That was not all. Any Ph.D. program is necessarily structured to debilitate one’s sense of self-hood and sanity. Whatever sadism is intended by this ‘rite of passage’ the fact is that mental health services were not a part of Graduate Student benefits during my time at Chicago. Life– marriage, birth, death, divorce, trauma– had to happen off-screen and far away; there was no institutional ways outside of the tried and failed “leave of absence”. That task of mental health wellness for Graduate students, and faculty, was also the task of the women sitting in the departmental offices. They were the confidants, the shoulders-to-cry-on, the help, the surety of purpose for the hundreds of students and faculty. This too was uncompensated labor. In the petition, Alicia is called “the Foster Mother” (the building in which SALC is housed is Foster Hall). She was not anyone’s mother that attended or worked in Foster Hall. That she was asked to play that role is itself a condemnation of the way in which Humanities operated at Chicago. Her love and grace saved many a dissertation, and that work clearly won her devotion from the hundreds of students. That love, however, was not what she was being paid to do.

In my ten years at University of Chicago, there were many, many like Alicia who belonged to the South Side community and who served the University. When the University made a decision on how to face financially uncertain times, it relied a priori on an understanding of waste within its operation– redundancies, expired utilities, inefficiencies. To clear that waste, the most disposable people were these lower administrative staff. The access of such denizens of the South Side to a lower-middle class life, via employment at the University, has now ended at the University and the stories of retirements, lay-offs are all too common.1 In my ten years, I also witnessed the hiring and setting up of countless new “Deputy Deans” and “Associate Deans” in the Humanities– all charged with managing what was deemed unmanageable without centralization. I can assume that no cost-sharing is happening at the Divisional level.

The faculty at University of Chicago have been abdicating their governance over such matters for a long while now– and I do not know if the rally to save the SALC position will be successful. I hope that it is– but what about the Slavic position? what about the other redundancies? The financial crisis remains as do the newly built very tall, all glass structures erected by the University to house art centers or alumni relations. The time for tightening the belt is only for small departments, and those who run it, not for the grand funding campaigns and the constructions of the new New. The University is a university only if it can keep growing, keep expanding.

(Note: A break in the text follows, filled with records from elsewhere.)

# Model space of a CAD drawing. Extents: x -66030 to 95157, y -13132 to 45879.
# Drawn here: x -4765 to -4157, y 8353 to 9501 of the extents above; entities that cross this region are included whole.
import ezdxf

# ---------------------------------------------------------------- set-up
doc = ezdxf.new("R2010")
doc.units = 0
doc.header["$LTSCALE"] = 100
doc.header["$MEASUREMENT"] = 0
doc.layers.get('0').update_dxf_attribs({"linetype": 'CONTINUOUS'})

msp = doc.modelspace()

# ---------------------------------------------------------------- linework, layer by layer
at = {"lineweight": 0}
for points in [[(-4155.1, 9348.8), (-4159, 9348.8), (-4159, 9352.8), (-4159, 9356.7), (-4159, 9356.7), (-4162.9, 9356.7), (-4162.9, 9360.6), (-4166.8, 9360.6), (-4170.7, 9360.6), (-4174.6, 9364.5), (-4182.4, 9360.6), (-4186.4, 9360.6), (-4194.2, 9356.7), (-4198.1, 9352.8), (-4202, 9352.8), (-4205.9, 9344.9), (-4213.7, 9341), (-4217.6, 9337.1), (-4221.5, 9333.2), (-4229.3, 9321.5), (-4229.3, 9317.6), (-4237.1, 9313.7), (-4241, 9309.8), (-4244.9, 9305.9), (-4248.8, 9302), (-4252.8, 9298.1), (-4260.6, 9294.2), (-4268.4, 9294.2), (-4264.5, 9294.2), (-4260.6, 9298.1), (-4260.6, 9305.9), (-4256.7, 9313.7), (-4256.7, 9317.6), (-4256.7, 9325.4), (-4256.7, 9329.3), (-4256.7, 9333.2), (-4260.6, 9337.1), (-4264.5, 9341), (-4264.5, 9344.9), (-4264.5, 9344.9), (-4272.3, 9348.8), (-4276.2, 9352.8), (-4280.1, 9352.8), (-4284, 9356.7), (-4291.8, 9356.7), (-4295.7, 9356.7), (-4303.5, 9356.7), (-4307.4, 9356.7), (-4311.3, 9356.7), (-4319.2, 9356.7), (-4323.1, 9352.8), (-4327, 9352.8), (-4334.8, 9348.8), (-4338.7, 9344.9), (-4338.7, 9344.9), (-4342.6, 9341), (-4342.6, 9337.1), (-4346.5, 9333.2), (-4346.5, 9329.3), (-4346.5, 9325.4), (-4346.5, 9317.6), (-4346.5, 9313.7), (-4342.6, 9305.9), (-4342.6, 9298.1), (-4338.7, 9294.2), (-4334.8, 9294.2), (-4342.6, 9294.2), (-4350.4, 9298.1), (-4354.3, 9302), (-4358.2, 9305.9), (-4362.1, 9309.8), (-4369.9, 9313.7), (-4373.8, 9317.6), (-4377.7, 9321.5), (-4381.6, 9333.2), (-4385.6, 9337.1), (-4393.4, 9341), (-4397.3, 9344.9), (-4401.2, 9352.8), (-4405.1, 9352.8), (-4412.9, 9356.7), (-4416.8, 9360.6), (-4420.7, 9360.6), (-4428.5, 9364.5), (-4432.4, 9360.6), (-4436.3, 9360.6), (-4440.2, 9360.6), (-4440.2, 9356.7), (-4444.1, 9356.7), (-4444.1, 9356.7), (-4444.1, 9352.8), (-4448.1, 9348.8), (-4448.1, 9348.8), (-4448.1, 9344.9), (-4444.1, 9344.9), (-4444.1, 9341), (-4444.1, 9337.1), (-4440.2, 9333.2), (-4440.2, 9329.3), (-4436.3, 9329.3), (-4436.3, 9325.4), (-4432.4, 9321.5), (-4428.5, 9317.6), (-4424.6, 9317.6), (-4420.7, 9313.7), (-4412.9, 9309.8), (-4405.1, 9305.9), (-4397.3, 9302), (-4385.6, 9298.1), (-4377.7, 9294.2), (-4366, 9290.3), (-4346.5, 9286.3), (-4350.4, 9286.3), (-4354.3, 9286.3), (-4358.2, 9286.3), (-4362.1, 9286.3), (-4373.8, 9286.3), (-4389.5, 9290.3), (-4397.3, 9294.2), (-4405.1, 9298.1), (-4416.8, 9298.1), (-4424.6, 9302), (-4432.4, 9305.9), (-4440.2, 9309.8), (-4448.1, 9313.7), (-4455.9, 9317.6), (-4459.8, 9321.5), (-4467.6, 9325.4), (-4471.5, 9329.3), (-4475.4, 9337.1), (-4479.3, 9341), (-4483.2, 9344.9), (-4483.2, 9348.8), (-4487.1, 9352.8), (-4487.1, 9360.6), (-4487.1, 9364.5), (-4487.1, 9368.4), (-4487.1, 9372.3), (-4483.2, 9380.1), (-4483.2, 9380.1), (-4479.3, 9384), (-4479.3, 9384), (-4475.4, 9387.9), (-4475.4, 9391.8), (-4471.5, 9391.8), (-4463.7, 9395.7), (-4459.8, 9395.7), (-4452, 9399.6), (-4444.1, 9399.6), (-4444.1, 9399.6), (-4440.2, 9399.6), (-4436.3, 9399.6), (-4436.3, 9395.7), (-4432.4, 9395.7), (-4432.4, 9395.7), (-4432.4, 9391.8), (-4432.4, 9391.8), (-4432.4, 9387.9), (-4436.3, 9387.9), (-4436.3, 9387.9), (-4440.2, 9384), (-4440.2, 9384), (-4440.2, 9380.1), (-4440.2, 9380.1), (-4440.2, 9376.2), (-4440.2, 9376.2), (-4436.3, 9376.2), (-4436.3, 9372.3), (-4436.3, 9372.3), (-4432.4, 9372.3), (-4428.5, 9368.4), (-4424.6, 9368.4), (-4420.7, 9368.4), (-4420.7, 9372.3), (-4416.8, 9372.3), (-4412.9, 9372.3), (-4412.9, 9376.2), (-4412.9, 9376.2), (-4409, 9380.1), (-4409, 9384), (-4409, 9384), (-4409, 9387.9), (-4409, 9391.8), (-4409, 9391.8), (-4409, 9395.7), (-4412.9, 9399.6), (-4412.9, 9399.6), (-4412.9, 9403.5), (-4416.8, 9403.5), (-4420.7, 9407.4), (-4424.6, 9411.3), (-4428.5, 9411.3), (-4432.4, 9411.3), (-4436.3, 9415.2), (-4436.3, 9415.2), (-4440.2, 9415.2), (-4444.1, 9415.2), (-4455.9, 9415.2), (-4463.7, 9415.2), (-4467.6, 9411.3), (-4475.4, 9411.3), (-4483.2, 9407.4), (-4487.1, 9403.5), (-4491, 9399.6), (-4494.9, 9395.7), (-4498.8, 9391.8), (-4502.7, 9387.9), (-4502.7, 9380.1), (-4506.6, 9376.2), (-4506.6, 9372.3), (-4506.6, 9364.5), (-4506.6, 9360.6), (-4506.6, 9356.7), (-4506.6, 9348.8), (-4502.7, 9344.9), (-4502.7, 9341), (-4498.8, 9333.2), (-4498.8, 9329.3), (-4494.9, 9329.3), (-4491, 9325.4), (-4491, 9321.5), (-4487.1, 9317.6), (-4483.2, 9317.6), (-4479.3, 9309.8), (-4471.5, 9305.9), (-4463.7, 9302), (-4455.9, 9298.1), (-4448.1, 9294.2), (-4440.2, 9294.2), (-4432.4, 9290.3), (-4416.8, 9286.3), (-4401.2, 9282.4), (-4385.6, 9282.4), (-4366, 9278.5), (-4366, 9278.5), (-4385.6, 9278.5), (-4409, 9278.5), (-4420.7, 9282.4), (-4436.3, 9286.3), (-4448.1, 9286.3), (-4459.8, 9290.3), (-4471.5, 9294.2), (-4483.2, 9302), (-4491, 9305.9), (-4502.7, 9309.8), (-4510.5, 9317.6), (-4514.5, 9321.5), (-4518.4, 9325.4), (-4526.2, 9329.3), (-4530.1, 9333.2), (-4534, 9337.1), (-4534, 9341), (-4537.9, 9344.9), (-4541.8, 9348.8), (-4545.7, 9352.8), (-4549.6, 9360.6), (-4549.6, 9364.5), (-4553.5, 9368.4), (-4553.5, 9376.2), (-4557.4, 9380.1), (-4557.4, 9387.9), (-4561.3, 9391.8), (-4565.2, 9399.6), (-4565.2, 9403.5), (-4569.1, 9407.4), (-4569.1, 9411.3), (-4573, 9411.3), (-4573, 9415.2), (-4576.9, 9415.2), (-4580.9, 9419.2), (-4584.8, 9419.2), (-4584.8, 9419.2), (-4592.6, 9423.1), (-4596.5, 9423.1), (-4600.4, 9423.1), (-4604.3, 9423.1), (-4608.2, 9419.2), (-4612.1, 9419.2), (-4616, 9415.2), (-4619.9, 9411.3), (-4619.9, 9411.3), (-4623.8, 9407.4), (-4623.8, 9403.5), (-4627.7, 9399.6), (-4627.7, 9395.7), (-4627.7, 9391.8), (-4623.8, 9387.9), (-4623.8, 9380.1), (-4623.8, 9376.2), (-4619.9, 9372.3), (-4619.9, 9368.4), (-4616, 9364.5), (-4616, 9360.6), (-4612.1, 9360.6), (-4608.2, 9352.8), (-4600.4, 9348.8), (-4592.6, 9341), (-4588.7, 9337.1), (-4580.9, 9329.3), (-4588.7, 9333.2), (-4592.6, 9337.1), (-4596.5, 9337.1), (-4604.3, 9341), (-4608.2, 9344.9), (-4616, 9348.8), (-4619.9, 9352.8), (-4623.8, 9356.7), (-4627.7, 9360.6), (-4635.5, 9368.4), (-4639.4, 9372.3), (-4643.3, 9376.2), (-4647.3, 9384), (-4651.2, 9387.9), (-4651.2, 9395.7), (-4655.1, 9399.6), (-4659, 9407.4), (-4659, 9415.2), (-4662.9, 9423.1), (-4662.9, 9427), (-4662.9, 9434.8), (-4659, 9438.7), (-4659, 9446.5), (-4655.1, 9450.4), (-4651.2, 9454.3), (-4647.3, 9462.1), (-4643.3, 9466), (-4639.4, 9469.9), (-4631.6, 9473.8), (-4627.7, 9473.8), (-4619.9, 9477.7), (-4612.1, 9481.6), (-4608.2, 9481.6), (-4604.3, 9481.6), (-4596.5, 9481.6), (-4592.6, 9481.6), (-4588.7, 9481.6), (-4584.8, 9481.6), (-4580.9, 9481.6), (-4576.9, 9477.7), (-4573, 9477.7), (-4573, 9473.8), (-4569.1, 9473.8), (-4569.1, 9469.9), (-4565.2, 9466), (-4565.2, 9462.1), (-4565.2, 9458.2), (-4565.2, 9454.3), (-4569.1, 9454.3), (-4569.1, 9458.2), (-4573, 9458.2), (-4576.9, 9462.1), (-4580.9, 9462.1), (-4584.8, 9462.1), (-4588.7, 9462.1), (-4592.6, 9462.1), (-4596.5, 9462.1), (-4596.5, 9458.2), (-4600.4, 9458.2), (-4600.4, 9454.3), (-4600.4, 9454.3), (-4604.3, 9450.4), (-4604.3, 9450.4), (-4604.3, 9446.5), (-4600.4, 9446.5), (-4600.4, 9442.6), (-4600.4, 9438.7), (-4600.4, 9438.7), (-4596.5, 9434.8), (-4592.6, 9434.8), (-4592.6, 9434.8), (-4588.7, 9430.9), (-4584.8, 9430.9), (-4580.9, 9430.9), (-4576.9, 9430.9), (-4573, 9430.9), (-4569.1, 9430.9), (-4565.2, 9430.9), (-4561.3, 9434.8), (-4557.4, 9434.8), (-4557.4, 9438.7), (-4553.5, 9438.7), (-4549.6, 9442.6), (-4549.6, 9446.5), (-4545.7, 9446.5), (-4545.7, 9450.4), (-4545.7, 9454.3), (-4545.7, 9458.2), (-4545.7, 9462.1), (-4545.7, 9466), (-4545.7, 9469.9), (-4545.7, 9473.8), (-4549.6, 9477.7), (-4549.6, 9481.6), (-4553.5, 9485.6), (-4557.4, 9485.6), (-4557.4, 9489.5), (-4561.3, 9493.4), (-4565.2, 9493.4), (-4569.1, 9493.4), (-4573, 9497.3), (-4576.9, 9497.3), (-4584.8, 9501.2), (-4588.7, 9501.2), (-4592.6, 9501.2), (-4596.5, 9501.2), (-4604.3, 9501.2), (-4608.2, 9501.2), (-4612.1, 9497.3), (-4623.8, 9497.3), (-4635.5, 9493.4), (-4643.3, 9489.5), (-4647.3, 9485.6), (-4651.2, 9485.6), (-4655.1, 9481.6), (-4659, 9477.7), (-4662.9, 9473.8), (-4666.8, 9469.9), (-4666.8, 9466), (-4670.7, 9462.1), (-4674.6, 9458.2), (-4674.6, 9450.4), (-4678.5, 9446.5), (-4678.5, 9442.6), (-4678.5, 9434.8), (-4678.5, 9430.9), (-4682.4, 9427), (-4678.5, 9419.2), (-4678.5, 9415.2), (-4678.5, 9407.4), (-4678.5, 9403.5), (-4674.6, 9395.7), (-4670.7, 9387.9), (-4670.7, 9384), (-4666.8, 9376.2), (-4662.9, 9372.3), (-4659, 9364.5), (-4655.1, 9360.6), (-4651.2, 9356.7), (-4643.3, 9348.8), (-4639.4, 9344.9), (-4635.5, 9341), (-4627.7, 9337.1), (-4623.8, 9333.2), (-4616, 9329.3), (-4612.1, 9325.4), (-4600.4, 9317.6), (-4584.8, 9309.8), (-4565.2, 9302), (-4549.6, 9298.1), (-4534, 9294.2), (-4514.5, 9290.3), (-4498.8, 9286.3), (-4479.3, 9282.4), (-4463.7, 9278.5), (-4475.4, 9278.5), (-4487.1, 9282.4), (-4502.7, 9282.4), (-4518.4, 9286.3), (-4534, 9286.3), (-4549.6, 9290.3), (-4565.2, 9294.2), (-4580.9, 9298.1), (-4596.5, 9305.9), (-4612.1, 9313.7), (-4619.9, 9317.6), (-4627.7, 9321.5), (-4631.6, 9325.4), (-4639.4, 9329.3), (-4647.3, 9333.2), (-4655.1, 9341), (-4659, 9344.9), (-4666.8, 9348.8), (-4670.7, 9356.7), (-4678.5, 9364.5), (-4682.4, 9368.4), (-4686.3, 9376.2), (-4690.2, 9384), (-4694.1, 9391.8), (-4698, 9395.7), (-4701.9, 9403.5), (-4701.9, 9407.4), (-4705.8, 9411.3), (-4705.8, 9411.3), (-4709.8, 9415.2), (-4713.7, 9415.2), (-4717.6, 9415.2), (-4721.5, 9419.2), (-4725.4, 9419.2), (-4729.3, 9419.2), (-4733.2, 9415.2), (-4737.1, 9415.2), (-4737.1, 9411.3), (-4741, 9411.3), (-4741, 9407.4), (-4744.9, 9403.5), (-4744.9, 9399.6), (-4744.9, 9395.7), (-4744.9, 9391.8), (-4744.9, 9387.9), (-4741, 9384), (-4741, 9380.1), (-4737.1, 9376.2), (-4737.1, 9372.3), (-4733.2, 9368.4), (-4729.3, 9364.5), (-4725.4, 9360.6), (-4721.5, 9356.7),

All that said, for the faculty and the students of SALC, there is no greater articulation of their engagements with the University than Alicia Czaplewski. They have all rallied to save her and I hope we succeed. I predict, however, that in not too distant a future they will be asked to save that department itself. It is already too late. Until then, I wanted to document the immense contributions of Alicia to the intellectual, social, and legal life at Foster Hall. We all owe her.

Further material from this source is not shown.